In any case, my feeling is that as "a wrapper for libproj", georust/proj is obliged to offer the same assumptions that libproj offers. It'd be a surprising bug if people are getting different results from libproj than they are from georust/proj.

(I don't think that a new library like https://github.com/busstoptaktik/geodesy should be doomed to carry forward any historical baggage like that though)

Based on this... I wonder if we should be initializing t to zero:

I think it's safe to do what libproj does, i.e. use INFINITY:

If I'm reading this correctly, when encountering z: INFINITY or t: INFINITY within proj_trans, it get's normalized to 0 anyway. 🙃

https://github.com/OSGeo/PROJ/blob/master/src/fwd.cpp#L49

    if (HUGE_VAL==coo.v[2] && P->helmert) coo.v[2] = 0.0;
    if (HUGE_VAL==coo.v[3] && P->helmert) coo.v[3] = 0.0;

Sooooo, anyone opposed to releasing to crates.io?

busstoptaktik commented 2 years ago

Is this really the case for 2-d users of libproj (e.g. someone using PJ_COORD { xy: }. libproj assumes they want 2000 year old data?

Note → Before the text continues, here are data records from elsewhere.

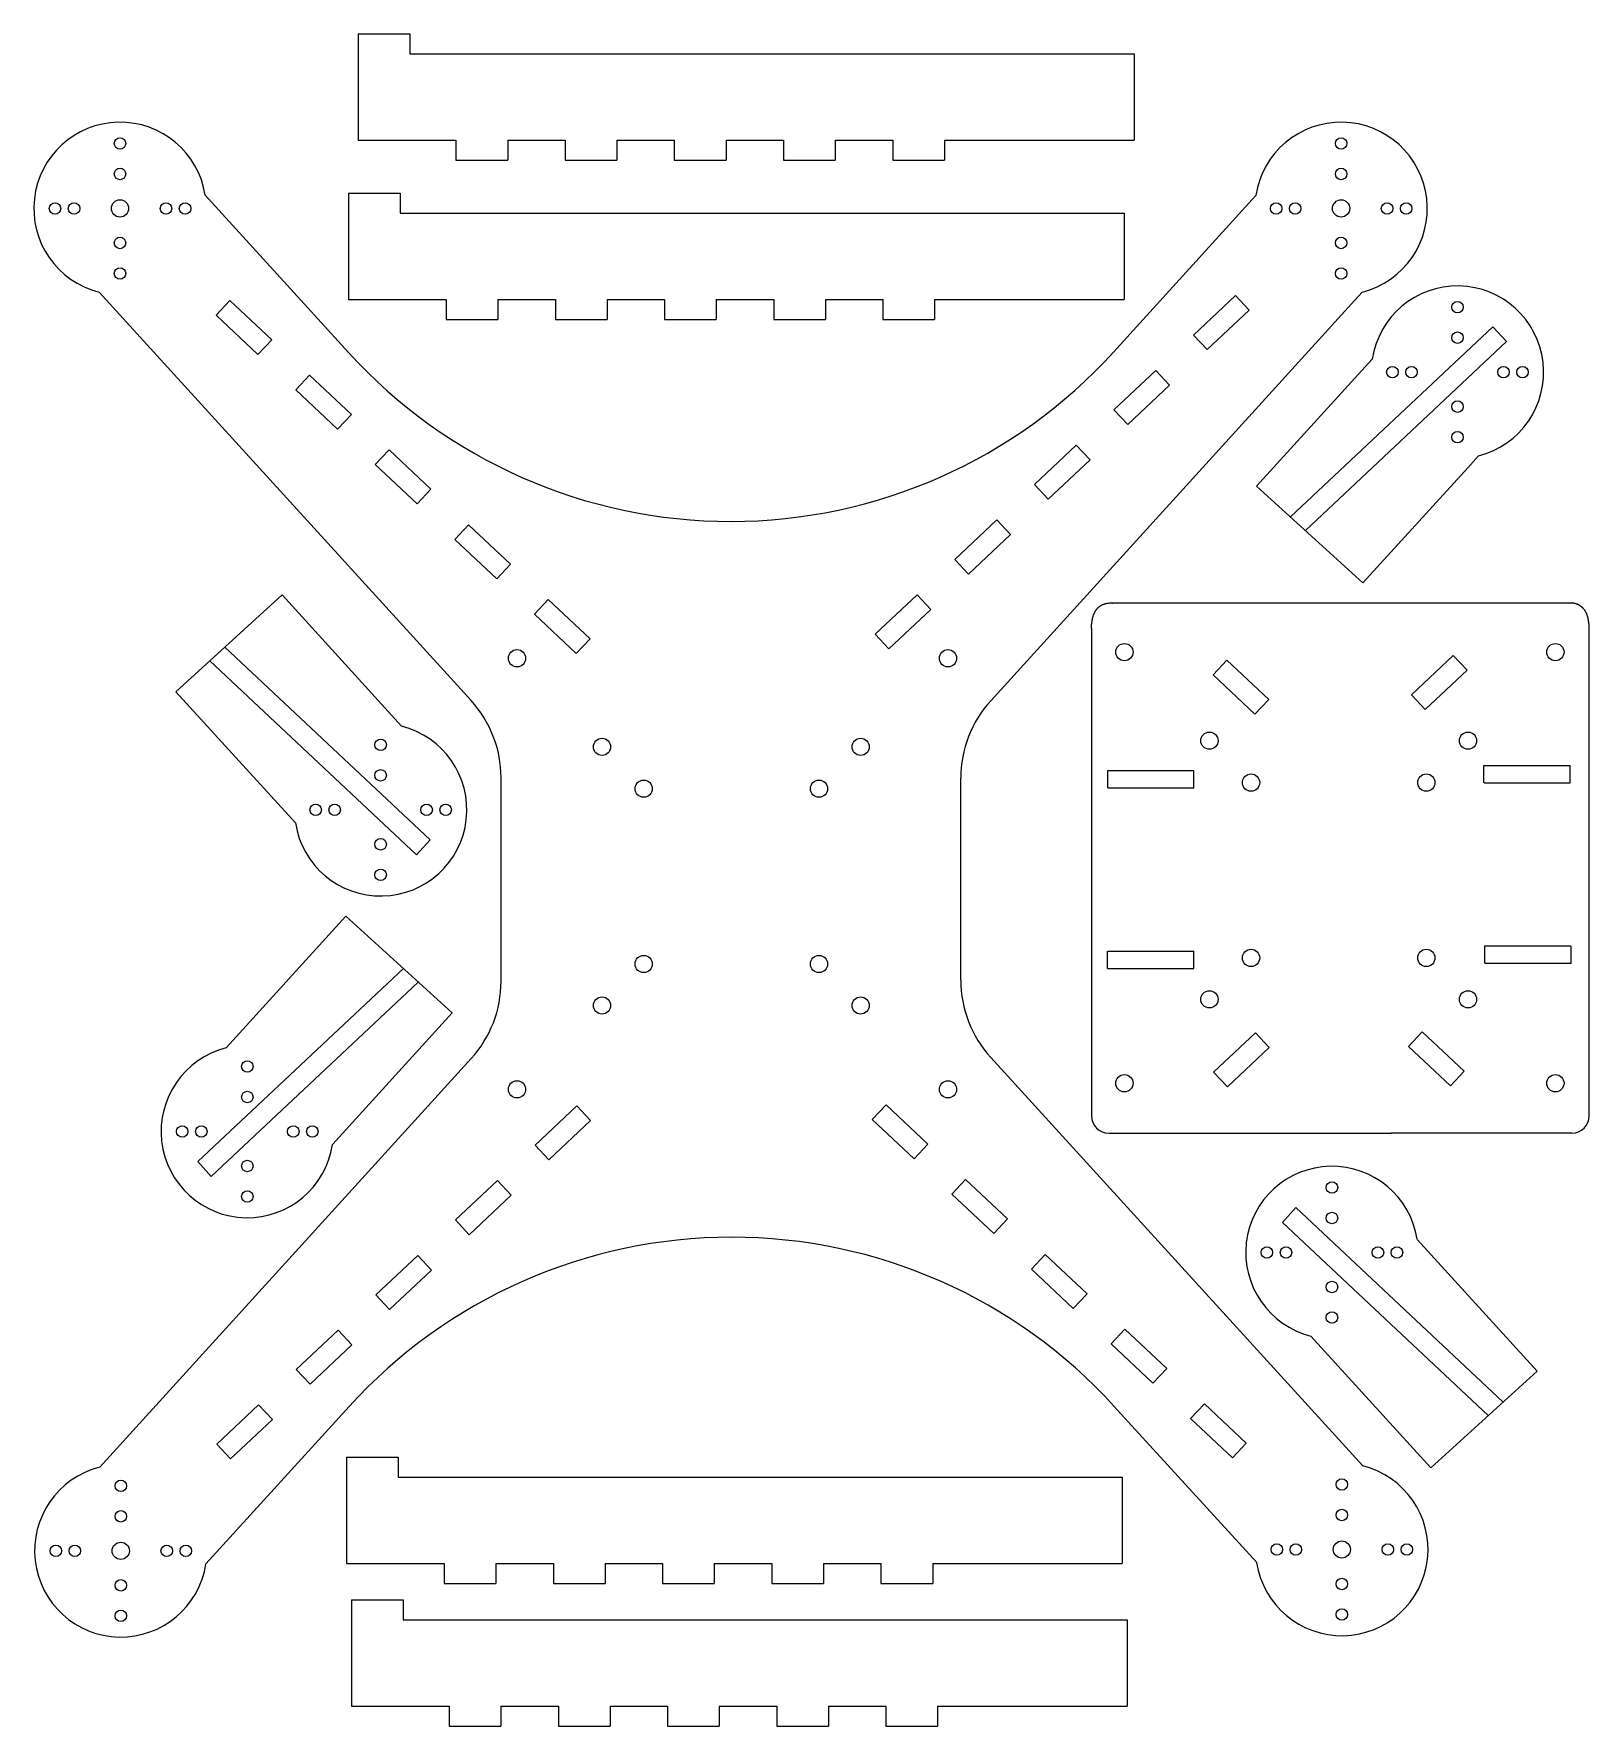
# Model space of a CAD drawing. Header units: millimetres. Extents: x 66 to 336, y 19 to 313.
import ezdxf

# ---------------------------------------------------------------- set-up
doc = ezdxf.new("R2010")
doc.units = ezdxf.units.MM
doc.layers.add('CORTES_INTERIORES', color=1, linetype='Continuous')
doc.layers.add('FRAME', color=7, linetype='Continuous')

msp = doc.modelspace()

# ---------------------------------------------------------------- linework, layer by layer
for p, q in [((122.19, 313.17), (131.19, 313.17)), ((122.19, 313.17), (122.19, 309.67)), ((131.19, 313.17), (131.19, 309.67)), ((122.19, 309.67), (122.19, 294.67)), ((131.19, 309.67), (257.19, 309.67)), ((257.19, 309.67), (257.19, 294.67)), ((122.19, 294.67), (139.19, 294.67)), ((148.19, 294.67), (158.19, 294.67)), ((167.19, 294.67), (177.19, 294.67)), ((186.19, 294.67), (196.19, 294.67)), ((205.19, 294.67), (215.19, 294.67)), ((224.19, 294.67), (234.19, 294.67)), ((234.19, 294.67), (242.19, 294.67)), ((242.19, 294.67), (257.19, 294.67)), ((120.49, 285.48), (129.49, 285.48)), ((120.49, 285.48), (120.49, 281.98)), ((129.49, 285.48), (129.49, 281.98)), ((120.49, 281.98), (120.49, 266.98)), ((129.49, 281.98), (255.49, 281.98)), ((255.49, 281.98), (255.49, 266.98)), ((120.49, 266.98), (137.49, 266.98)), ((146.49, 266.98), (156.49, 266.98)), ((165.49, 266.98), (175.49, 266.98)), ((184.49, 266.98), (194.49, 266.98)), ((203.49, 266.98), (213.49, 266.98)), ((222.49, 266.98), (232.49, 266.98)), ((232.49, 266.98), (240.49, 266.98)), ((240.49, 266.98), (255.49, 266.98)), ((319.64, 262.23), (284.4, 229.12)), ((319.64, 262.23), (322, 259.64)), ((322, 259.64), (287, 226.76)), ((297.02, 217.65), (278.52, 234.47)), ((90.45, 198.72), (108.93, 215.56)), ((98.98, 206.49), (134.69, 172.94)), ((96.38, 204.12), (132.35, 170.34)), ((132.35, 170.34), (134.69, 172.94)), ((120.04, 159.66), (138.54, 142.84)), ((94.27, 116.97), (130.04, 150.57)), ((96.61, 114.37), (132.63, 148.21)), ((94.27, 116.97), (96.61, 114.37)), ((283.03, 106.4), (285.37, 109)), ((285.37, 109), (321.41, 75.15)), ((283.03, 106.4), (318.82, 72.78)), ((308.85, 63.7), (327.33, 80.54)), ((120.15, 65.56), (129.15, 65.56)), ((120.15, 65.56), (120.15, 62.06)), ((129.15, 65.56), (129.15, 62.06)), ((120.15, 62.06), (120.15, 47.06)), ((129.15, 62.06), (255.15, 62.06)), ((255.15, 62.06), (255.15, 47.06)), ((120.15, 47.06), (137.15, 47.06)), ((146.15, 47.06), (156.15, 47.06)), ((165.15, 47.06), (175.15, 47.06)), ((184.15, 47.06), (194.15, 47.06)), ((203.15, 47.06), (213.15, 47.06)), ((222.15, 47.06), (232.15, 47.06)), ((232.15, 47.06), (240.15, 47.06)), ((240.15, 47.06), (255.15, 47.06)), ((121.01, 40.76), (130.01, 40.76)), ((121.01, 40.76), (121.01, 37.26)), ((130.01, 40.76), (130.01, 37.26)), ((121.01, 37.26), (121.01, 22.26)), ((130.01, 37.26), (256.01, 37.26)), ((256.01, 37.26), (256.01, 22.26)), ((121.01, 22.26), (138.01, 22.26)), ((147.01, 22.26), (157.01, 22.26)), ((166.01, 22.26), (176.01, 22.26)), ((185.01, 22.26), (195.01, 22.26)), ((204.01, 22.26), (214.01, 22.26)), ((223.01, 22.26), (233.01, 22.26)), ((233.01, 22.26), (241.01, 22.26)), ((241.01, 22.26), (256.01, 22.26))]:
    msp.add_line(p, q)
at = {"layer": 'CORTES_INTERIORES', "color": 1, "linetype": 'Continuous'}
msp.add_line((252.92, 214.16), (253.43, 214.16), dxfattribs=at)
at = {"layer": 'CORTES_INTERIORES'}
for p, q in [((318.08, 185.88), (333.08, 185.88)), ((318.08, 182.88), (318.08, 185.88)), ((318.08, 182.87), (318.08, 185.87)), ((333.09, 182.87), (333.09, 185.87)), ((252.61, 185), (267.61, 185)), ((252.61, 182), (252.61, 185)), ((252.61, 181.98), (252.61, 184.98)), ((267.62, 181.98), (267.62, 184.98)), ((318.09, 182.87), (333.09, 182.87)), ((252.62, 181.98), (267.62, 181.98)), ((252.57, 153.6), (267.57, 153.6)), ((252.57, 150.6), (252.57, 153.6)), ((252.57, 150.59), (252.57, 153.59)), ((267.58, 150.59), (267.58, 153.59)), ((318.22, 154.49), (333.22, 154.49)), ((318.22, 151.49), (318.22, 154.49)), ((318.22, 151.47), (318.22, 154.47)), ((333.23, 151.47), (333.23, 154.47)), ((252.58, 150.59), (267.58, 150.59)), ((318.23, 151.47), (333.23, 151.47))]:
    msp.add_line(p, q, dxfattribs=at)
for points in [[(104.74, 257.4), (107.14, 259.96), (99.85, 266.8), (97.45, 264.25)], [(269.94, 258.23), (267.54, 260.78), (274.83, 267.63), (277.23, 265.08)], [(118.59, 244.4), (120.99, 246.95), (113.7, 253.79), (111.3, 251.24)], [(256.09, 245.22), (253.69, 247.77), (260.98, 254.62), (263.38, 252.07)], [(242.24, 232.21), (239.85, 234.76), (247.13, 241.61), (249.53, 239.06)], [(132.44, 231.39), (134.83, 233.94), (127.55, 240.78), (125.15, 238.23)], [(146.29, 218.38), (148.68, 220.93), (141.39, 227.78), (139, 225.22)], [(228.39, 219.2), (226, 221.75), (233.29, 228.6), (235.68, 226.05)], [(214.54, 206.19), (212.15, 208.74), (219.44, 215.59), (221.83, 213.04)], [(160.13, 205.37), (162.53, 207.92), (155.24, 214.77), (152.85, 212.22)], [(278.22, 194.79), (280.62, 197.34), (273.33, 204.19), (270.93, 201.64)], [(307.84, 195.61), (305.45, 198.17), (312.74, 205.01), (315.13, 202.46)], [(278.32, 139.37), (280.72, 136.82), (273.43, 129.98), (271.03, 132.53)], [(307.34, 139.55), (304.94, 137), (312.23, 130.15), (314.62, 132.7)], [(160.24, 126.67), (162.63, 124.12), (155.35, 117.27), (152.95, 119.82)], [(214.04, 126.85), (211.64, 124.29), (218.93, 117.45), (221.32, 120)], [(146.39, 113.66), (148.79, 111.11), (141.5, 104.26), (139.1, 106.82)], [(227.88, 113.84), (225.49, 111.29), (232.78, 104.44), (235.17, 106.99)], [(132.54, 100.65), (134.94, 98.1), (127.65, 91.26), (125.25, 93.81)], [(241.73, 100.83), (239.34, 98.28), (246.62, 91.43), (249.02, 93.98)], [(118.69, 87.64), (121.09, 85.09), (113.8, 78.25), (111.4, 80.8)], [(255.58, 87.82), (253.18, 85.27), (260.47, 78.42), (262.87, 80.97)], [(104.84, 74.64), (107.24, 72.08), (99.95, 65.24), (97.56, 67.79)], [(269.43, 74.81), (267.03, 72.26), (274.32, 65.41), (276.72, 67.96)]]:
    msp.add_lwpolyline(points, close=True, dxfattribs=at)
for centre, radius in [((80.73, 294.11), 1), ((293.22, 294.11), 1), ((80.73, 288.8), 1), ((293.22, 288.8), 1), ((69.42, 282.8), 1), ((72.73, 282.8), 1), ((80.73, 282.8), 1.5), ((88.73, 282.8), 1), ((92.05, 282.8), 1), ((281.91, 282.8), 1), ((285.22, 282.8), 1), ((293.22, 282.8), 1.5), ((301.22, 282.8), 1), ((304.54, 282.8), 1), ((80.73, 276.8), 1), ((293.22, 276.8), 1), ((80.73, 271.48), 1), ((293.22, 271.48), 1), ((313.47, 265.63), 1), ((313.47, 260.32), 1), ((302.15, 254.32), 1), ((305.47, 254.32), 1), ((321.47, 254.32), 1), ((324.78, 254.32), 1), ((313.47, 248.32), 1), ((313.47, 243), 1), ((126.08, 189.49), 1), ((126.08, 184.18), 1), ((114.77, 178.18), 1), ((118.08, 178.18), 1), ((134.08, 178.18), 1), ((137.4, 178.18), 1), ((126.08, 172.18), 1), ((126.08, 166.87), 1), ((102.88, 133.52), 1), ((102.88, 128.21), 1), ((91.56, 122.21), 1), ((94.88, 122.21), 1), ((110.88, 122.21), 1), ((114.19, 122.21), 1), ((102.88, 116.21), 1), ((102.88, 110.89), 1), ((291.63, 112.48), 1), ((291.63, 107.16), 1), ((280.31, 101.16), 1), ((283.63, 101.16), 1), ((299.63, 101.16), 1), ((302.94, 101.16), 1), ((291.63, 95.16), 1), ((291.63, 89.85), 1), ((80.86, 60.57), 1), ((293.35, 60.81), 1), ((80.86, 55.26), 1), ((293.35, 55.49), 1), ((69.55, 49.26), 1), ((72.86, 49.26), 1), ((80.86, 49.26), 1.5), ((88.86, 49.26), 1), ((92.18, 49.26), 1), ((282.04, 49.49), 1), ((285.35, 49.49), 1), ((293.35, 49.49), 1.5), ((301.35, 49.49), 1), ((304.67, 49.49), 1), ((80.86, 43.26), 1), ((293.35, 43.49), 1), ((80.86, 37.94), 1), ((293.35, 38.18), 1)]:
    msp.add_circle(centre, radius, dxfattribs=at)
at = {"layer": 'CORTES_INTERIORES', "linetype": 'Continuous'}
for centre in [(255.51, 205.61), (330.51, 205.61), (270.31, 190.2), (315.31, 190.2), (164.61, 189.13), (209.61, 189.13), (277.55, 182.91), (308.05, 182.91), (277.55, 152.41), (308.05, 152.41), (164.61, 144.13), (209.61, 144.13), (270.31, 145.2), (315.31, 145.2), (255.51, 130.61), (330.51, 130.61)]:
    msp.add_circle(centre, 1.5, dxfattribs=at)
at = {"layer": 'CORTES_INTERIORES', "color": 1, "linetype": 'Continuous'}
for centre in [(171.86, 181.85), (202.36, 181.85), (171.86, 151.35), (202.36, 151.35)]:
    msp.add_circle(centre, 1.5, dxfattribs=at)
at = {"layer": 'Defpoints', "color": 1, "linetype": 'Continuous'}
for centre in [(149.81, 204.54), (224.81, 204.54), (149.81, 129.54), (224.81, 129.54)]:
    msp.add_circle(centre, 1.5, dxfattribs=at)
at = {"layer": 'FRAME', "color": 0, "linetype": 'Continuous'}
for p, q in [((139.19, 294.67), (139.19, 291.17)), ((148.19, 294.67), (148.19, 291.17)), ((158.19, 294.67), (158.19, 291.17)), ((167.19, 294.67), (167.19, 291.17)), ((177.19, 294.67), (177.19, 291.17)), ((186.19, 294.67), (186.19, 291.17)), ((196.19, 294.67), (196.19, 291.17)), ((205.19, 294.67), (205.19, 291.17)), ((215.19, 294.67), (215.19, 291.17)), ((224.19, 294.67), (224.19, 291.17)), ((139.19, 291.17), (148.19, 291.17)), ((158.19, 291.17), (167.19, 291.17)), ((177.19, 291.17), (186.19, 291.17)), ((196.19, 291.17), (205.19, 291.17)), ((215.19, 291.17), (224.19, 291.17)), ((95.56, 285.09), (120.49, 257.73)), ((277.19, 283.74), (253.6, 257.8)), ((278.4, 285.07), (277.19, 283.74)), ((77.08, 268.25), (141.83, 197.2)), ((296.89, 268.25), (295.01, 266.18)), ((137.49, 266.98), (137.49, 263.48)), ((146.49, 266.98), (146.49, 263.48)), ((156.49, 266.98), (156.49, 263.48)), ((165.49, 266.98), (165.49, 263.48)), ((175.49, 266.98), (175.49, 263.48)), ((184.49, 266.98), (184.49, 263.48)), ((194.49, 266.98), (194.49, 263.48)), ((203.49, 266.98), (203.49, 263.48)), ((213.49, 266.98), (213.49, 263.48)), ((222.49, 266.98), (222.49, 263.48)), ((295.01, 266.18), (232.25, 197.16)), ((137.49, 263.48), (146.49, 263.48)), ((156.49, 263.48), (165.49, 263.48)), ((175.49, 263.48), (184.49, 263.48)), ((194.49, 263.48), (203.49, 263.48)), ((213.49, 263.48), (222.49, 263.48)), ((298.64, 256.59), (297.43, 255.26)), ((297.43, 255.26), (278.52, 234.47)), ((317.14, 239.77), (315.25, 237.7)), ((315.25, 237.7), (297.02, 217.65)), ((108.93, 215.56), (129.74, 192.73)), ((253.49, 214.16), (333.25, 214.16)), ((90.45, 198.72), (111.26, 175.89)), ((120.04, 159.66), (99.21, 136.75)), ((138.54, 142.84), (117.7, 119.93)), ((141.84, 134.9), (77.19, 63.8)), ((232.26, 135.09), (297.01, 64.04)), ((277.15, 121.92), (301.95, 121.92)), ((306.45, 103.45), (327.33, 80.54)), ((287.97, 86.61), (308.85, 63.7)), ((120.59, 74.37), (95.69, 46.98)), ((253.7, 74.45), (278.53, 47.2)), ((137.15, 47.06), (137.15, 43.56)), ((146.15, 47.06), (146.15, 43.56)), ((156.15, 47.06), (156.15, 43.56)), ((165.15, 47.06), (165.15, 43.56)), ((175.15, 47.06), (175.15, 43.56)), ((184.15, 47.06), (184.15, 43.56)), ((194.15, 47.06), (194.15, 43.56)), ((203.15, 47.06), (203.15, 43.56)), ((213.15, 47.06), (213.15, 43.56)), ((222.15, 47.06), (222.15, 43.56)), ((137.15, 43.56), (146.15, 43.56)), ((156.15, 43.56), (165.15, 43.56)), ((175.15, 43.56), (184.15, 43.56)), ((194.15, 43.56), (203.15, 43.56)), ((213.15, 43.56), (222.15, 43.56)), ((138.01, 22.26), (138.01, 18.76)), ((147.01, 22.26), (147.01, 18.76)), ((157.01, 22.26), (157.01, 18.76)), ((166.01, 22.26), (166.01, 18.76)), ((176.01, 22.26), (176.01, 18.76)), ((185.01, 22.26), (185.01, 18.76)), ((195.01, 22.26), (195.01, 18.76)), ((204.01, 22.26), (204.01, 18.76)), ((214.01, 22.26), (214.01, 18.76)), ((223.01, 22.26), (223.01, 18.76)), ((138.01, 18.76), (147.01, 18.76)), ((157.01, 18.76), (166.01, 18.76)), ((176.01, 18.76), (185.01, 18.76)), ((195.01, 18.76), (204.01, 18.76)), ((214.01, 18.76), (223.01, 18.76))]:
    msp.add_line(p, q, dxfattribs=at)
at = {"layer": 'FRAME', "color": 0}
for p, q in [((249.79, 209.83), (249.79, 124.92)), ((336.39, 124.92), (336.39, 209.72)), ((147.04, 148.35), (147.04, 183.73)), ((227.04, 148.56), (227.04, 183.7)), ((252.79, 121.92), (277.15, 121.92)), ((333.39, 121.92), (301.95, 121.92))]:
    msp.add_line(p, q, dxfattribs=at)
for points in [[(249.79, 209.72), (249.79, 209.95), (249.8, 210.17), (249.81, 210.39), (249.83, 210.6), (249.85, 210.8), (249.88, 211), (249.91, 211.18), (249.94, 211.37), (249.98, 211.54), (250.03, 211.71), (250.08, 211.87), (250.1, 211.95), (250.13, 212.03), (250.16, 212.1), (250.18, 212.18), (250.21, 212.25), (250.24, 212.32), (250.28, 212.39), (250.31, 212.46), (250.34, 212.52), (250.37, 212.59), (250.41, 212.65), (250.45, 212.71), (250.48, 212.77), (250.52, 212.83), (250.56, 212.89), (250.6, 212.95), (250.64, 213), (250.68, 213.05), (250.72, 213.11), (250.76, 213.16), (250.8, 213.21), (250.85, 213.25), (250.89, 213.3), (250.94, 213.35), (250.98, 213.39), (251.03, 213.43), (251.08, 213.47), (251.12, 213.51), (251.17, 213.55), (251.22, 213.59), (251.27, 213.62), (251.32, 213.66), (251.37, 213.69), (251.42, 213.72), (251.48, 213.75), (251.53, 213.78), (251.58, 213.81), (251.64, 213.84), (251.69, 213.87), (251.74, 213.89), (251.8, 213.91), (251.86, 213.94), (251.91, 213.96), (251.97, 213.98), (252.02, 214), (252.08, 214.02), (252.14, 214.03), (252.2, 214.05), (252.26, 214.06), (252.32, 214.08), (252.38, 214.09), (252.44, 214.1), (252.5, 214.11), (252.56, 214.12), (252.68, 214.14), (252.8, 214.15), (252.92, 214.16), (253.05, 214.16), (253.17, 214.16), (253.3, 214.16), (253.43, 214.15), (253.49, 214.15)], [(336.39, 209.72), (336.39, 209.95), (336.38, 210.17), (336.37, 210.39), (336.35, 210.6), (336.33, 210.8), (336.3, 211), (336.27, 211.18), (336.23, 211.37), (336.19, 211.54), (336.15, 211.71), (336.1, 211.87), (336.07, 211.95), (336.05, 212.03), (336.02, 212.1), (335.99, 212.18), (335.96, 212.25), (335.93, 212.32), (335.9, 212.39), (335.87, 212.46), (335.84, 212.52), (335.8, 212.59), (335.77, 212.65), (335.73, 212.71), (335.69, 212.77), (335.66, 212.83), (335.62, 212.89), (335.58, 212.95), (335.54, 213), (335.5, 213.05), (335.46, 213.11), (335.42, 213.16), (335.37, 213.21), (335.33, 213.25), (335.28, 213.3), (335.24, 213.34), (335.19, 213.39), (335.15, 213.43), (335.1, 213.47), (335.05, 213.51), (335, 213.55), (334.95, 213.59), (334.9, 213.62), (334.85, 213.66), (334.8, 213.69), (334.75, 213.72), (334.7, 213.75), (334.65, 213.78), (334.59, 213.81), (334.54, 213.84), (334.49, 213.86), (334.43, 213.89), (334.38, 213.91), (334.32, 213.94), (334.26, 213.96), (334.21, 213.98), (334.15, 214), (334.09, 214.01), (334.04, 214.03), (333.98, 214.05), (333.92, 214.06), (333.86, 214.08), (333.8, 214.09), (333.74, 214.1), (333.68, 214.11), (333.62, 214.12), (333.5, 214.14), (333.38, 214.15), (333.25, 214.16)]]:
    msp.add_lwpolyline(points, dxfattribs=at)
at = {"layer": 'FRAME', "color": 0, "linetype": 'Continuous'}
for centre, radius, start, end in [((80.73, 282.8), 15, 8.7871, 255.9017), ((293.22, 282.8), 15, 284.1617, 171.2763), ((313.47, 254.32), 15, 284.1617, 171.2763), ((187.01, 318.35), 90, 222.3444, 317.719), ((126.08, 178.18), 15, 188.7871, 75.9017), ((102.88, 122.21), 15, 104.1617, 351.2763), ((291.63, 101.16), 15, 8.7871, 255.9017), ((187.18, 13.82), 90, 42.3444, 137.719), ((80.86, 49.26), 15, 104.1617, 351.2763), ((293.35, 49.49), 15, 188.7871, 75.9017)]:
    msp.add_arc(centre, radius, start, end, dxfattribs=at)
at = {"layer": 'FRAME', "color": 0}
for centre, radius, start, end in [((127.04, 183.73), 20, 0, 42.3444), ((247.04, 183.7), 20, 137.719, 180), ((127.04, 148.35), 20, 317.719, 0), ((247.04, 148.56), 20, 180, 222.3444), ((252.79, 124.92), 3, 180, 270), ((333.39, 124.92), 3, 270, 360)]:
    msp.add_arc(centre, radius, start, end, dxfattribs=at)

doc.saveas('drawing.dxf')

No, PROJ does not assume anything, but if you call a dynamic transformation with garbage data, you will get garbage answers. The main problem is the widespread use of EPSG:4326 as "don't care" value: Since WGS84 is a global datum, any transformation into plate-fixed coordinate systems (like ETRS89 in Europe, NAD83 in North America), will be through a dynamic transformation.

As long as you stay inside the same datum, and only change from (say) geographical coordinates to (say) UTM, there is no problem. The same is the case for transforming between different generations of plate fixed reference frames (e.g. ED50 to ETRS89): No problem at all, since the transformation is not time dependent.

So in conclusion: This PR solves a real problem, and should obviously be pushed, but it does not solve all potential problems: You can only do that by having a strict 4D processing pipeline, and I do not think this will be useful at all for most of the use cases of GeoRust.